How to calculate the coefficient of variation
The coefficient of variation is a statistical measure that allows to evaluate the dispersal of data in relation to the average. It is widely used in many areas, such as finance, economy and statistics, to compare the variability of different data sets.
What is the coefficient of variation?
The coefficient of variation, also known as CV, is a relative dispersion measure that expresses data variability in relation to the average.
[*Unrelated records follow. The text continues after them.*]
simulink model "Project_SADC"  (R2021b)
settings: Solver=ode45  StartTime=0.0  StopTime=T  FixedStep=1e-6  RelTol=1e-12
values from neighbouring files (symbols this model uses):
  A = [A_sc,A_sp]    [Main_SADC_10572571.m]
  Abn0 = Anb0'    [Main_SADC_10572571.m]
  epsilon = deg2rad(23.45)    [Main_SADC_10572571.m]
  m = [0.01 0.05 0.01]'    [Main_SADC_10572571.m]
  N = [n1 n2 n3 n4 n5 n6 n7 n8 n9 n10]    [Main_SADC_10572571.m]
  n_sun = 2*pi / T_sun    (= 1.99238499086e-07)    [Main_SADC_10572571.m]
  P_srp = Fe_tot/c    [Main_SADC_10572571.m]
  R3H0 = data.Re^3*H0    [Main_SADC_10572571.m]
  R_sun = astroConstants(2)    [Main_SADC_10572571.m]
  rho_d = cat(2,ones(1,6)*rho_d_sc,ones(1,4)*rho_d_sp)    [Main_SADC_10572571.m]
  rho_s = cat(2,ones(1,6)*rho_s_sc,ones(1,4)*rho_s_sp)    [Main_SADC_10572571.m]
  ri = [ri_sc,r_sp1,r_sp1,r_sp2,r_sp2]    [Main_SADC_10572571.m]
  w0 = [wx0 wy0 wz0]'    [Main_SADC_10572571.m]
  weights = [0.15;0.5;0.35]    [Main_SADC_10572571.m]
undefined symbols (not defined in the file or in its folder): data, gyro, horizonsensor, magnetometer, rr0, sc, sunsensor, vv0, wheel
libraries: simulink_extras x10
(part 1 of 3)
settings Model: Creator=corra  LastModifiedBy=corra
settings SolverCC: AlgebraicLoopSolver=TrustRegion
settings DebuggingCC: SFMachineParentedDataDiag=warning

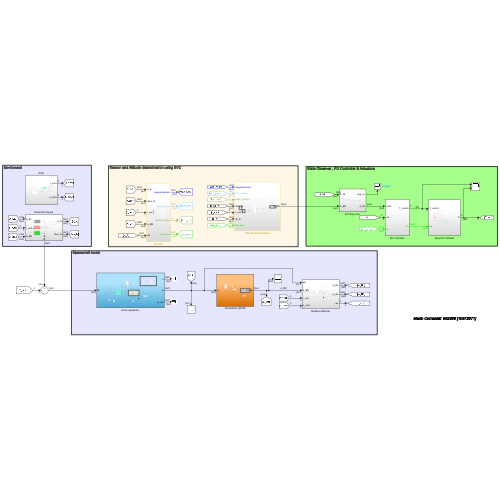
[thumbnail: Simulink's stored preview of the top-level diagram]
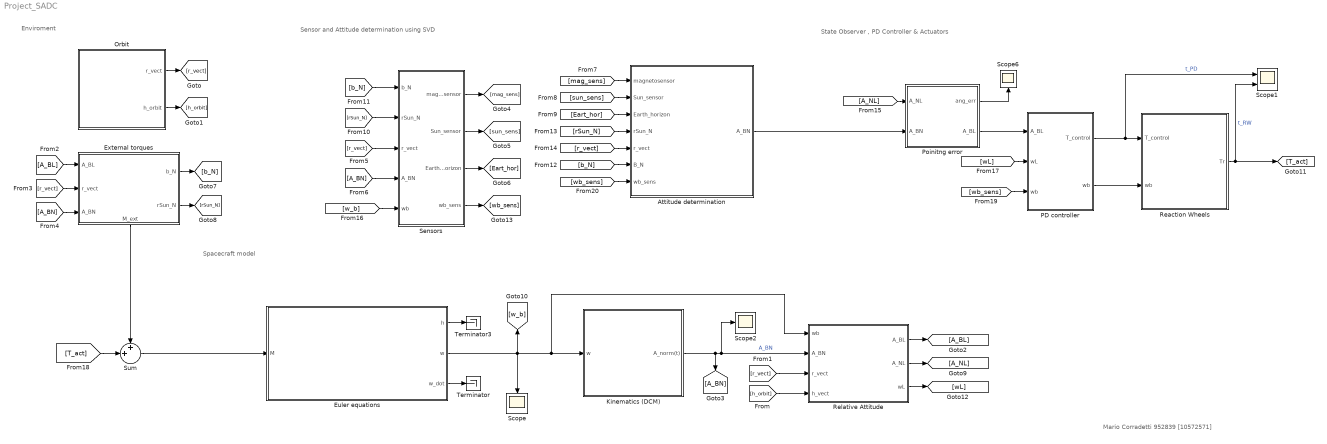
== system Project_SADC ==
  note: Mario Corradetti 952839 [10572571]
  note: Enviroment
  note: State Observer , PD Controller & Actuators
  note: Spacecraft model
  note: Sensor and Attitude determination using SVD
  "Attitude determination " : Subsystem
  Euler equations : Subsystem
  External torques : Subsystem
      settings: PortSchema="{\"entries\":[{\"content\":{\"sides\":[{\"content\":{\"connectorIds\":[\"In1\",\"In2\",\"In3\"]},\"type\":\"ConnectorPlacement.EquallySpacedRectSide\",\"uuid\":\"c5dd5657-11cd-46fc-a813-74747ea81146\"},{\"content\":{\"connectorIds\":[\"Out1\",\"Out2\"],\"side\":\"RIGHT\"},\"type\":\"ConnectorPlacement.EquallySpacedRectSide\",\"uuid\":\"ce8cbc86-0401-4f30-83b3-f262a6771dee\"},{\"content\":{\"connectorIds\":[],\"side\":\"TOP\"},\"type\":\"ConnectorPlacement.EquallySpacedRectSide\",\"uuid\":\"54f7f4d9-1155-478d-825b-4623d6763012\"},{\"content\":{\"connectorIds\":[\"Out3\"],\"side\":\"BOTTOM\"},\"type\":\"ConnectorPlacement.EquallySpacedRectSide\",\"uuid\":\"9bbeb954-f49a-41a5-9c63-5058200ec5df\"}]},\"type\":\"ConnectorPlacement.EquallySpacedConnector\",\"uuid\":\"ae160f86-5b24-4f86-a6f1-a9e1b48113ae\"}],\"packageUris\":[\"http://schema.mathworks.com/mf0/Connector/R2020b\"],\"version\":\"1.0\"}"
  Kinematics (DCM) : Subsystem
  Orbit : Subsystem
  PD controller : Subsystem
  Poinitng error : Subsystem
  Reaction Wheels : Subsystem
  Relative Attitude : Subsystem
  Scope : Scope
  Scope1 : Scope  NumInputPorts=2
  Scope2 : Scope
  Scope6 : Scope
  Sensors : Subsystem
  Sum : Sum  Inputs=++|
  Terminator : Terminator
  Terminator3 : Terminator
  wires:
  Euler equations/3(w_dot) -> Terminator/1
  Orbit/1(r_vect) -> [r_vect]
  Orbit/2(h_orbit) -> [h_orbit]
  Euler equations/1(h) -> Terminator3/1
  Kinematics (DCM)/1(A_norm(t)) -> Scope2/1, Relative Attitude/2(A_BN), [A_BN]  "A_BN"
  [r_vect] -> Relative Attitude/3(r_vect)
  [h_orbit] -> Relative Attitude/4(h_vect)
  Relative Attitude/1(A_BL) -> [A_BL]
  [A_BL] -> External torques/1(A_BL)
  [r_vect] -> External torques/2(r_vect)
  [A_BN] -> External torques/3(A_BN)
  [r_vect] -> Sensors/3(r_vect)
  [A_BN] -> Sensors/4(A_BN)
  Sensors/1(magnetosensor) -> [mag_sens]
  Sensors/2(Sun_sensor) -> [sun_sens]
  Sensors/3(Earth_horizon) -> [Eart_hor]
  [mag_sens] -> "Attitude determination "/1(magnetosensor)
  [sun_sens] -> "Attitude determination "/2(Sun_sensor)
  [Eart_hor] -> "Attitude determination "/3(Earth_horizon)
  External torques/1(b_N) -> [b_N]
  External torques/2(rSun_N) -> [rSun_N]
  [rSun_N] -> Sensors/2(rSun_N)
  [b_N] -> Sensors/1(b_N)
  [b_N] -> "Attitude determination "/6(" B_N ")
  [rSun_N] -> "Attitude determination "/4(rSun_N)
  [r_vect] -> "Attitude determination "/5(r_vect)
  Relative Attitude/2(A_NL) -> [A_NL]
  [A_NL] -> Poinitng error/1(A_NL)
  Poinitng error/1(ang_err) -> Scope6/1
  Poinitng error/2(A_BL) -> PD controller/1(A_BL)
  Euler equations/2(w) -> Scope/1, [w_b], Kinematics (DCM)/1(w), Relative Attitude/1(wb)
  [T_act] -> Sum/2
  Sum/1 -> Euler equations/1(M)
  External torques/3(M_ext) -> Sum/1
  PD controller/1(T_control) -> Reaction Wheels/1(T_control), Scope1/1  "t_PD"
  Relative Attitude/3(wL) -> [wL]
  [wL] -> PD controller/2(" wL ")
  PD controller/2(wb) -> Reaction Wheels/2(wb)
  [w_b] -> Sensors/5(wb)
  Sensors/4(wb_sens) -> [wb_sens]
  Reaction Wheels/1(Tr) -> [T_act], Scope1/2  "t_RW"
  [wb_sens] -> "Attitude determination "/7(wb_sens)
  "Attitude determination "/1(A_BN) -> Poinitng error/2(A_BN)
  [wb_sens] -> PD controller/3("wb ")

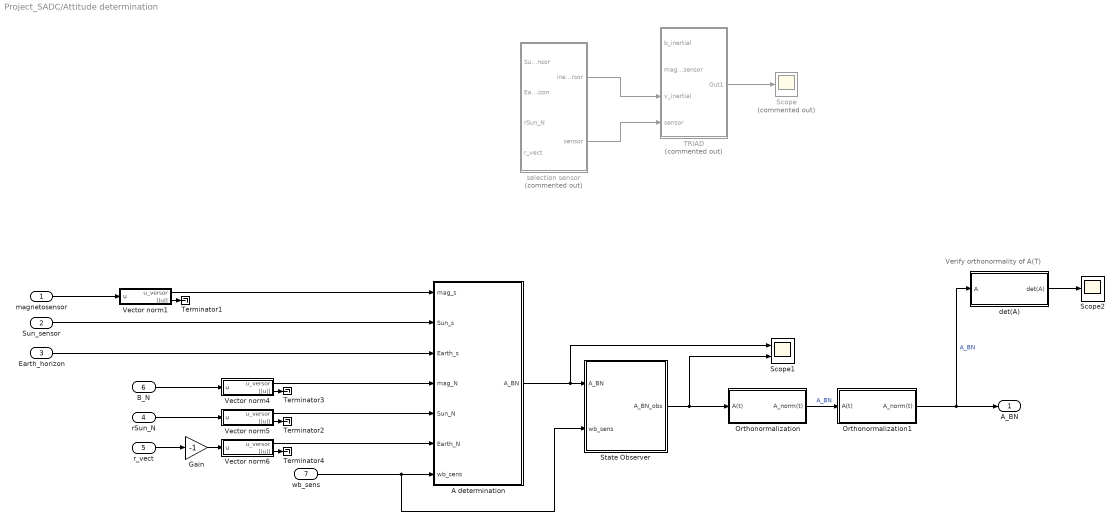
== system Project_SADC/Attitude determination  ==
  note: Verify orthonormality of A(T)
  magnetosensor : Inport
  Sun_sensor : Inport  Port=2
  Earth_horizon : Inport  Port=3
  rSun_N : Inport  Port=4
  r_vect : Inport  Port=5
  " B_N " : Inport  Port=6
  wb_sens : Inport  Port=7
  A determination : Subsystem
  Gain : Gain  Gain=-1
  Orthonormalization : Subsystem
  Orthonormalization1 : Subsystem
  Scope : Scope  Commented=on
  Scope1 : Scope  NumInputPorts=2
  Scope2 : Scope
  State Observer : Subsystem
  "TRIAD " : Subsystem  Commented=on
  Terminator{1..4} (4 alike) : Terminator
  Vector norm1 : Subsystem
  Vector norm4 : Subsystem
  Vector norm5 : Subsystem
  Vector norm6 : Subsystem
  det(A) : Subsystem
  selection sensor : Subsystem  Commented=on
  A_BN : Outport
  wires:
  r_vect/1 -> Gain/1
  magnetosensor/1 -> Vector norm1/1(u)
  Vector norm1/1(u_versor) -> A determination/1(mag_s)
  Sun_sensor/1 -> A determination/2(Sun_s)
  rSun_N/1 -> Vector norm5/1(u)
  Vector norm5/1(u_versor) -> A determination/5(Sun_N)
  Gain/1 -> Vector norm6/1(u)
  Vector norm6/1(u_versor) -> A determination/6(Earth_N)
  Vector norm1/2(||u||) -> Terminator1/1
  Vector norm4/2(||u||) -> Terminator3/1
  Vector norm5/2(||u||) -> Terminator2/1
  Vector norm6/2(||u||) -> Terminator4/1
  Orthonormalization/1(A_norm(t)) -> Orthonormalization1/1(A(t))  "A_BN"
  det(A)/1(det(A)) -> Scope2/1
  selection sensor/1(inertial versor) -> "TRIAD "/3(v_inertial)
  selection sensor/2(sensor) -> "TRIAD "/4(sensor)
  "TRIAD "/1(Out1) -> Scope/1
  " B_N "/1 -> Vector norm4/1(u)
  Vector norm4/1(u_versor) -> A determination/4(mag_N)
  Earth_horizon/1 -> A determination/3(Earth_s)
  wb_sens/1 -> State Observer/2(wb_sens), A determination/7(wb_sens)
  Orthonormalization1/1(A_norm(t)) -> A_BN/1, det(A)/1(A)  "A_BN"
  State Observer/1(A_BN_obs) -> Scope1/2, Orthonormalization/1(A(t))
  A determination/1(A_BN) -> Scope1/1, State Observer/1(A_BN)

== system Project_SADC/Euler equations ==
  note: INERTIA WHEEL
  note: Computation h vector of S/C
  M : Inport
  Clock1 : Clock
  Constant : Constant  Value=sc.I
  Constant1 : Constant  Value=sc.Iinv
  Constant2 : Constant  Value=wheel.I
  Constant3 : Constant  Value=wheel.w
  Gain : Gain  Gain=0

It is calculated by dividing the standard deviation by the average, multiplied by 100.
Mathematically, the coefficient of variation is represented by the formula:
cv = (standard/medium deviation) * 100
How to calculate the coefficient of variation step by step
To calculate the coefficient of variation, follow the following steps:
- Calculate the average data;
- Calculate the default data deviation;
- Divide the standard deviation by the average;
- multiplies the result by 100.
Let’s use an example to illustrate the calculation of the coefficient of variation:
| 10 |
| 15 |
| 20 |
| 25 |
| 30 |
In the example above, we have the following data: 10, 15, 20, 25 and 30.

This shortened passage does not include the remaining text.